The item formats of the two components examined in this study were constructed-response
and multiple-choice. Because of the unequal variance o f the two item format
component scores, and the dissimilar metric used for each of the two item formats, the
resulting composite score is considered a congeneric measure.
What this present study attempted to do was to discover which of the typically-used
teacher-designed ad-hoc weighting methods used for the weighting of the two
component scores is best according to a particular criterion. The criterion adopted to
evaluate the worth of a weighting method was the bias in the reliability estimates of the
weighted composite scores.
For the evaluation of bias, the deviations in reliability estimates between un-weighted
composite scores and corresponding weighted component scores were
examined. Reliability estimates of un-weighted composite scores provide the true
estimations calculated from the actual test data, while the reliability estimates of the
weighted composite scores reflect the post-hoc manipulations imposed by some teachers.
If a teacher decided to use an ad-hoc weighting method in an effort to increase the
validity of a composite score formed by combining multiple-choice and constructed-response
items, then he/she should do it without causing much of a change, or bias, in the
reliability of the resulting composite test score. Such manipulations as component-score
weighting can artificially inflate or deflate the reliability estimate of the resulting
composite score. This in turn could create a composite score that is of an undesirable
psychometric deviation from its original form, which could in turn result in a score-dictated
misrepresentation of an examinee's ability or achievement level.
In all cases of test design and item combining, the validity of the resulting scores
are of paramount concern. Many teachers have an intuitive sense of this, but lack the
psychometric expertise to critically examine test scores from this perspective. In an
intuitive-based fashion, teachers have often made attempts at ensuring the validity of
scores by imposing some ad-hoc weighting methods on the multiple-choice and
constructed-response components involved.
Four of the weighting methods examined in this research were chosen because of
their common usage in educational research and public education, and one method was
derived from measurement theory.
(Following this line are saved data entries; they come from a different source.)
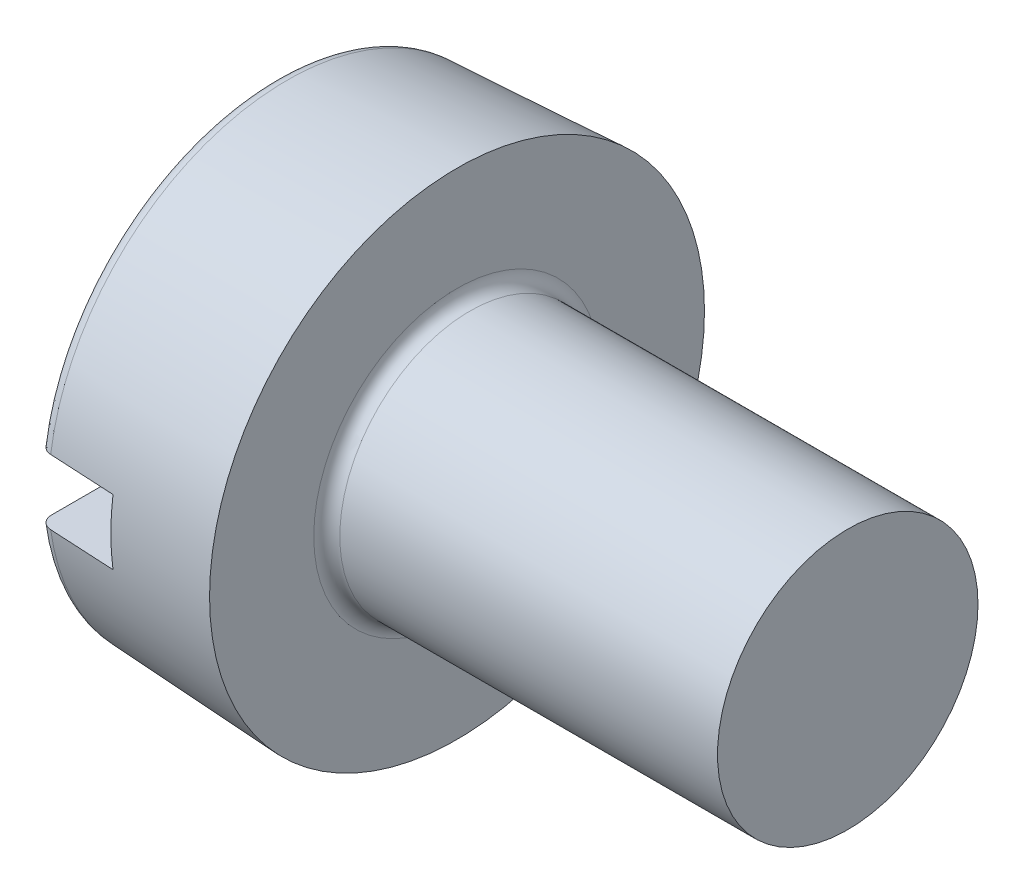
ISO-10303-21;
HEADER;
FILE_DESCRIPTION(('STEP AP214'),'2;1');
FILE_NAME('part.step','',(''),(''),'','','');
FILE_SCHEMA(('AUTOMOTIVE_DESIGN { 1 0 10303 214 1 1 1 1 }'));
ENDSEC;
DATA;
#1=APPLICATION_CONTEXT('core data for automotive mechanical design processes');
#2=APPLICATION_PROTOCOL_DEFINITION('international standard','automotive_design',2000,#1);
#3=PRODUCT_CONTEXT('',#1,'mechanical');
#4=PRODUCT('Part','Part','',(#3));
#5=PRODUCT_RELATED_PRODUCT_CATEGORY('part','',(#4));
#6=PRODUCT_DEFINITION_FORMATION('','',#4);
#7=PRODUCT_DEFINITION_CONTEXT('part definition',#1,'design');
#8=PRODUCT_DEFINITION('design','',#6,#7);
#9=PRODUCT_DEFINITION_SHAPE('','',#8);
#10=(LENGTH_UNIT() NAMED_UNIT(*) SI_UNIT(.MILLI.,.METRE.));
#11=(NAMED_UNIT(*) PLANE_ANGLE_UNIT() SI_UNIT($,.RADIAN.));
#12=(NAMED_UNIT(*) SI_UNIT($,.STERADIAN.) SOLID_ANGLE_UNIT());
#13=UNCERTAINTY_MEASURE_WITH_UNIT(LENGTH_MEASURE(1.E-05),#10,'distance_accuracy_value','');
#14=(GEOMETRIC_REPRESENTATION_CONTEXT(3) GLOBAL_UNCERTAINTY_ASSIGNED_CONTEXT((#13)) GLOBAL_UNIT_ASSIGNED_CONTEXT((#10,
#11,#12)) REPRESENTATION_CONTEXT('',''));
#15=CARTESIAN_POINT('',(0.,0.,0.));
#16=DIRECTION('',(0.,0.,1.));
#17=DIRECTION('',(1.,0.,0.));
#18=AXIS2_PLACEMENT_3D('',#15,#16,#17);
#19=CARTESIAN_POINT('',(0.,0.,0.));
#20=DIRECTION('',(1.,0.,0.));
#21=DIRECTION('',(0.,0.,-1.));
#22=AXIS2_PLACEMENT_3D('',#19,#20,#21);
#23=PLANE('',#22);
#24=DIRECTION('',(0.,0.,-1.));
#25=VECTOR('',#24,1.);
#26=CARTESIAN_POINT('',(0.,-0.25,0.));
#27=LINE('',#26,#25);
#28=CARTESIAN_POINT('',(0.,-0.25,1.71359212741939));
#29=VERTEX_POINT('',#28);
#30=CARTESIAN_POINT('',(0.,-0.25,-1.71359212741939));
#31=VERTEX_POINT('',#30);
#32=EDGE_CURVE('E123',#29,#31,#27,.T.);
#33=ORIENTED_EDGE('',*,*,#32,.T.);
#34=CARTESIAN_POINT('',(0.,0.,0.));
#35=DIRECTION('',(1.,0.,0.));
#36=DIRECTION('',(0.,0.,-1.));
#37=AXIS2_PLACEMENT_3D('',#34,#35,#36);
#38=CIRCLE('',#37,1.73173265233225);
#39=EDGE_CURVE('E212',#31,#29,#38,.F.);
#40=ORIENTED_EDGE('',*,*,#39,.T.);
#41=EDGE_LOOP('',(#33,#40));
#42=FACE_BOUND('',#41,.T.);
#43=ADVANCED_FACE('F43',(#42),#23,.F.);
#44=CARTESIAN_POINT('',(1.4,0.,0.));
#45=DIRECTION('',(1.,0.,0.));
#46=DIRECTION('',(0.,0.,-1.));
#47=AXIS2_PLACEMENT_3D('',#44,#45,#46);
#48=PLANE('',#47);
#49=CARTESIAN_POINT('',(1.4,0.,0.));
#50=DIRECTION('',(1.,0.,0.));
#51=DIRECTION('',(0.,0.,-1.));
#52=AXIS2_PLACEMENT_3D('',#49,#50,#51);
#53=CIRCLE('',#52,1.1);
#54=CARTESIAN_POINT('',(1.4,0.,-1.1));
#55=VERTEX_POINT('',#54);
#56=EDGE_CURVE('E133',#55,#55,#53,.F.);
#57=ORIENTED_EDGE('',*,*,#56,.T.);
#58=EDGE_LOOP('',(#57));
#59=FACE_BOUND('',#58,.T.);
#60=CARTESIAN_POINT('',(1.4,0.,0.));
#61=DIRECTION('',(1.,0.,0.));
#62=DIRECTION('',(0.,0.,-1.));
#63=AXIS2_PLACEMENT_3D('',#60,#61,#62);
#64=CIRCLE('',#63,1.9);
#65=CARTESIAN_POINT('',(1.4,0.,-1.9));
#66=VERTEX_POINT('',#65);
#67=EDGE_CURVE('E242',#66,#66,#64,.T.);
#68=ORIENTED_EDGE('',*,*,#67,.T.);
#69=EDGE_LOOP('',(#68));
#70=FACE_BOUND('',#69,.T.);
#71=ADVANCED_FACE('F186',(#59,#70),#48,.T.);
#72=CARTESIAN_POINT('',(1.4,0.,0.));
#73=DIRECTION('',(1.,0.,0.));
#74=DIRECTION('',(0.,0.,-1.));
#75=AXIS2_PLACEMENT_3D('',#72,#73,#74);
#76=CONICAL_SURFACE('',#75,1.9,0.05235987755983);
#77=CARTESIAN_POINT('',(-3.21567537978676,-0.25,1.63914751477753));
#78=CARTESIAN_POINT('',(-2.05086502036169,-0.25,1.70088544535187));
#79=CARTESIAN_POINT('',(-0.886051593062713,-0.25,1.76256538506105));
#80=CARTESIAN_POINT('',(1.4435813966979,-0.25,1.88580928271814));
#81=CARTESIAN_POINT('',(2.60840095915954,-0.25,1.94737324066612));
#82=CARTESIAN_POINT('',(3.77322358949508,-0.25,2.00887920774899));
#83=B_SPLINE_CURVE_WITH_KNOTS('',3,(#77,#78,#79,#80,#81,#82),.UNSPECIFIED.,.F.,.F.,(4,2,4),(0.,
3.49933602536346,6.99867204896907),.UNSPECIFIED.);
#84=CARTESIAN_POINT('',(0.0947664043757051,-0.25,1.81445376441896));
#85=VERTEX_POINT('',#84);
#86=CARTESIAN_POINT('',(0.600000000000001,-0.25,1.84117847021693));
#87=VERTEX_POINT('',#86);
#88=EDGE_CURVE('E104',#85,#87,#83,.T.);
#89=ORIENTED_EDGE('',*,*,#88,.F.);
#90=CARTESIAN_POINT('',(0.0947664043757056,0.,0.));
#91=DIRECTION('',(1.,0.,0.));
#92=DIRECTION('',(0.,0.,-1.));
#93=AXIS2_PLACEMENT_3D('',#90,#91,#92);
#94=CIRCLE('',#93,1.83159560580771);
#95=CARTESIAN_POINT('',(0.0947664043757057,-0.25,-1.81445376441896));
#96=VERTEX_POINT('',#95);
#97=EDGE_CURVE('E138',#85,#96,#94,.T.);
#98=ORIENTED_EDGE('',*,*,#97,.T.);
#99=CARTESIAN_POINT('',(3.77322358949508,-0.25,-2.00887920774899));
#100=CARTESIAN_POINT('',(2.60840095915954,-0.25,-1.94737324066612));
#101=CARTESIAN_POINT('',(1.4435813966979,-0.25,-1.88580928271814));
#102=CARTESIAN_POINT('',(-0.886051593062713,-0.25,-1.76256538506105));
#103=CARTESIAN_POINT('',(-2.05086502036169,-0.25,-1.70088544535187));
#104=CARTESIAN_POINT('',(-3.21567537978676,-0.25,-1.63914751477753));
#105=B_SPLINE_CURVE_WITH_KNOTS('',3,(#99,#100,#101,#102,#103,#104),.UNSPECIFIED.,.F.,.F.,(4,2,
4),(0.,3.4993360236056,6.99867204896907),.UNSPECIFIED.);
#106=CARTESIAN_POINT('',(0.600000000000001,-0.25,-1.84117847021693));
#107=VERTEX_POINT('',#106);
#108=EDGE_CURVE('E122',#107,#96,#105,.T.);
#109=ORIENTED_EDGE('',*,*,#108,.F.);
#110=CARTESIAN_POINT('',(0.600000000000001,0.,0.));
#111=DIRECTION('',(1.,0.,0.));
#112=DIRECTION('',(0.,0.,-1.));
#113=AXIS2_PLACEMENT_3D('',#110,#111,#112);
#114=CIRCLE('',#113,1.85807377657357);
#115=CARTESIAN_POINT('',(0.600000000000001,0.250000000000001,-1.84117847021693));
#116=VERTEX_POINT('',#115);
#117=EDGE_CURVE('E110',#116,#107,#114,.F.);
#118=ORIENTED_EDGE('',*,*,#117,.F.);
#119=CARTESIAN_POINT('',(-3.21567537978676,0.249999999999998,-1.63914751477753));
#120=CARTESIAN_POINT('',(-2.05086502036169,0.249999999999999,-1.70088544535187));
#121=CARTESIAN_POINT('',(-0.886051593062713,0.25,-1.76256538506105));
#122=CARTESIAN_POINT('',(1.4435813966979,0.250000000000001,-1.88580928271814));
#123=CARTESIAN_POINT('',(2.60840095915954,0.250000000000002,-1.94737324066612));
#124=CARTESIAN_POINT('',(3.77322358949508,0.250000000000003,-2.00887920774899));
#125=B_SPLINE_CURVE_WITH_KNOTS('',3,(#119,#120,#121,#122,#123,#124),.UNSPECIFIED.,.F.,.F.,(4,2,
4),(0.,3.49933602536346,6.99867204896907),.UNSPECIFIED.);
#126=CARTESIAN_POINT('',(0.0947664043757051,0.25,-1.81445376441896));
#127=VERTEX_POINT('',#126);
#128=EDGE_CURVE('E93',#127,#116,#125,.T.);
#129=ORIENTED_EDGE('',*,*,#128,.F.);
#130=CARTESIAN_POINT('',(0.0947664043757057,0.,0.));
#131=DIRECTION('',(1.,0.,0.));
#132=DIRECTION('',(0.,0.,-1.));
#133=AXIS2_PLACEMENT_3D('',#130,#131,#132);
#134=CIRCLE('',#133,1.83159560580771);
#135=CARTESIAN_POINT('',(0.0947664043757057,0.25,1.81445376441896));
#136=VERTEX_POINT('',#135);
#137=EDGE_CURVE('E136',#127,#136,#134,.T.);
#138=ORIENTED_EDGE('',*,*,#137,.T.);
#139=CARTESIAN_POINT('',(3.77322358949508,0.250000000000003,2.00887920774899));
#140=CARTESIAN_POINT('',(2.60840095915954,0.250000000000002,1.94737324066612));
#141=CARTESIAN_POINT('',(1.4435813966979,0.250000000000001,1.88580928271814));
#142=CARTESIAN_POINT('',(-0.886051593062713,0.25,1.76256538506105));
#143=CARTESIAN_POINT('',(-2.05086502036169,0.249999999999999,1.70088544535187));
#144=CARTESIAN_POINT('',(-3.21567537978676,0.249999999999998,1.63914751477753));
#145=B_SPLINE_CURVE_WITH_KNOTS('',3,(#139,#140,#141,#142,#143,#144),.UNSPECIFIED.,.F.,.F.,(4,2,
4),(0.,3.4993360236056,6.99867204896907),.UNSPECIFIED.);
#146=CARTESIAN_POINT('',(0.600000000000001,0.250000000000001,1.84117847021693));
#147=VERTEX_POINT('',#146);
#148=EDGE_CURVE('E105',#147,#136,#145,.T.);
#149=ORIENTED_EDGE('',*,*,#148,.F.);
#150=EDGE_CURVE('E113',#87,#147,#114,.F.);
#151=ORIENTED_EDGE('',*,*,#150,.F.);
#152=EDGE_LOOP('',(#89,#98,#109,#118,#129,#138,#149,#151));
#153=FACE_BOUND('',#152,.T.);
#154=ORIENTED_EDGE('',*,*,#67,.F.);
#155=EDGE_LOOP('',(#154));
#156=FACE_BOUND('',#155,.T.);
#157=ADVANCED_FACE('F118',(#153,#156),#76,.T.);
#158=DIRECTION('',(0.,0.,1.));
#159=VECTOR('',#158,1.);
#160=CARTESIAN_POINT('',(0.,0.25,0.));
#161=LINE('',#160,#159);
#162=CARTESIAN_POINT('',(0.,0.25,-1.71359212741939));
#163=VERTEX_POINT('',#162);
#164=CARTESIAN_POINT('',(0.,0.25,1.71359212741939));
#165=VERTEX_POINT('',#164);
#166=EDGE_CURVE('E127',#163,#165,#161,.T.);
#167=ORIENTED_EDGE('',*,*,#166,.T.);
#168=CARTESIAN_POINT('',(0.,0.,0.));
#169=DIRECTION('',(1.,0.,0.));
#170=DIRECTION('',(0.,0.,-1.));
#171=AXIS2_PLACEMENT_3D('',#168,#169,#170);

The component score weighting methods are: score
points as weights; number of items as weights; number of minutes (time) as weights;
equal weights; and z-scores as weights.
With the minimal amount of measurement training that most classroom teachers
have before they receive their teaching certification, they become accustomed to relying
on intuition, rather than measurement theory, for their test design methodology. Teacher-designed
ad-hoc weighting methods are examples of intuition-based logic that has not yet
been examined in a psychometric fashion. The research question is as follows: What
commonly-used teacher-designed ad-hoc method of weighting and combining multiple-choice
and constructed-response component scores is the best? The selection of the best
method was done according to the criteria of minimal artifactual bias in the resulting
composite score reliability estimates.
With the increased use of assessments that include mixed item types, it is certain
that for some school administrators and parents, a composite test score would be desired.
Encompassed in a composite score is the dilemma of how to combine the component
scores in a manner that would maximize the validity and reliability of the composite
score, without artificially inflating or deflating it and violating the principles of
measurement. Crocker and Algina (1986) stated that to interpret composite scores in a
meaningful way, in other words, to make valid inferences from the scores, it is important
to understand how the statistical properties of the scores on each subtest or component
influence those of the composite score.
When attempting to combine component test scores to produce a single composite
score, a problem does arise if the component scores are not calculated using the same
item format. When multiple-choice and constructed-response are the two item formats of
the respective components, strict measurement principles of parallel measures will reveal
that test homogeneity does not exist. Because of this, the scalings of the measurements
of the two components differ by more than just an additive constant, and hence, a
composite score is illogical (Lord & Novick, 1968).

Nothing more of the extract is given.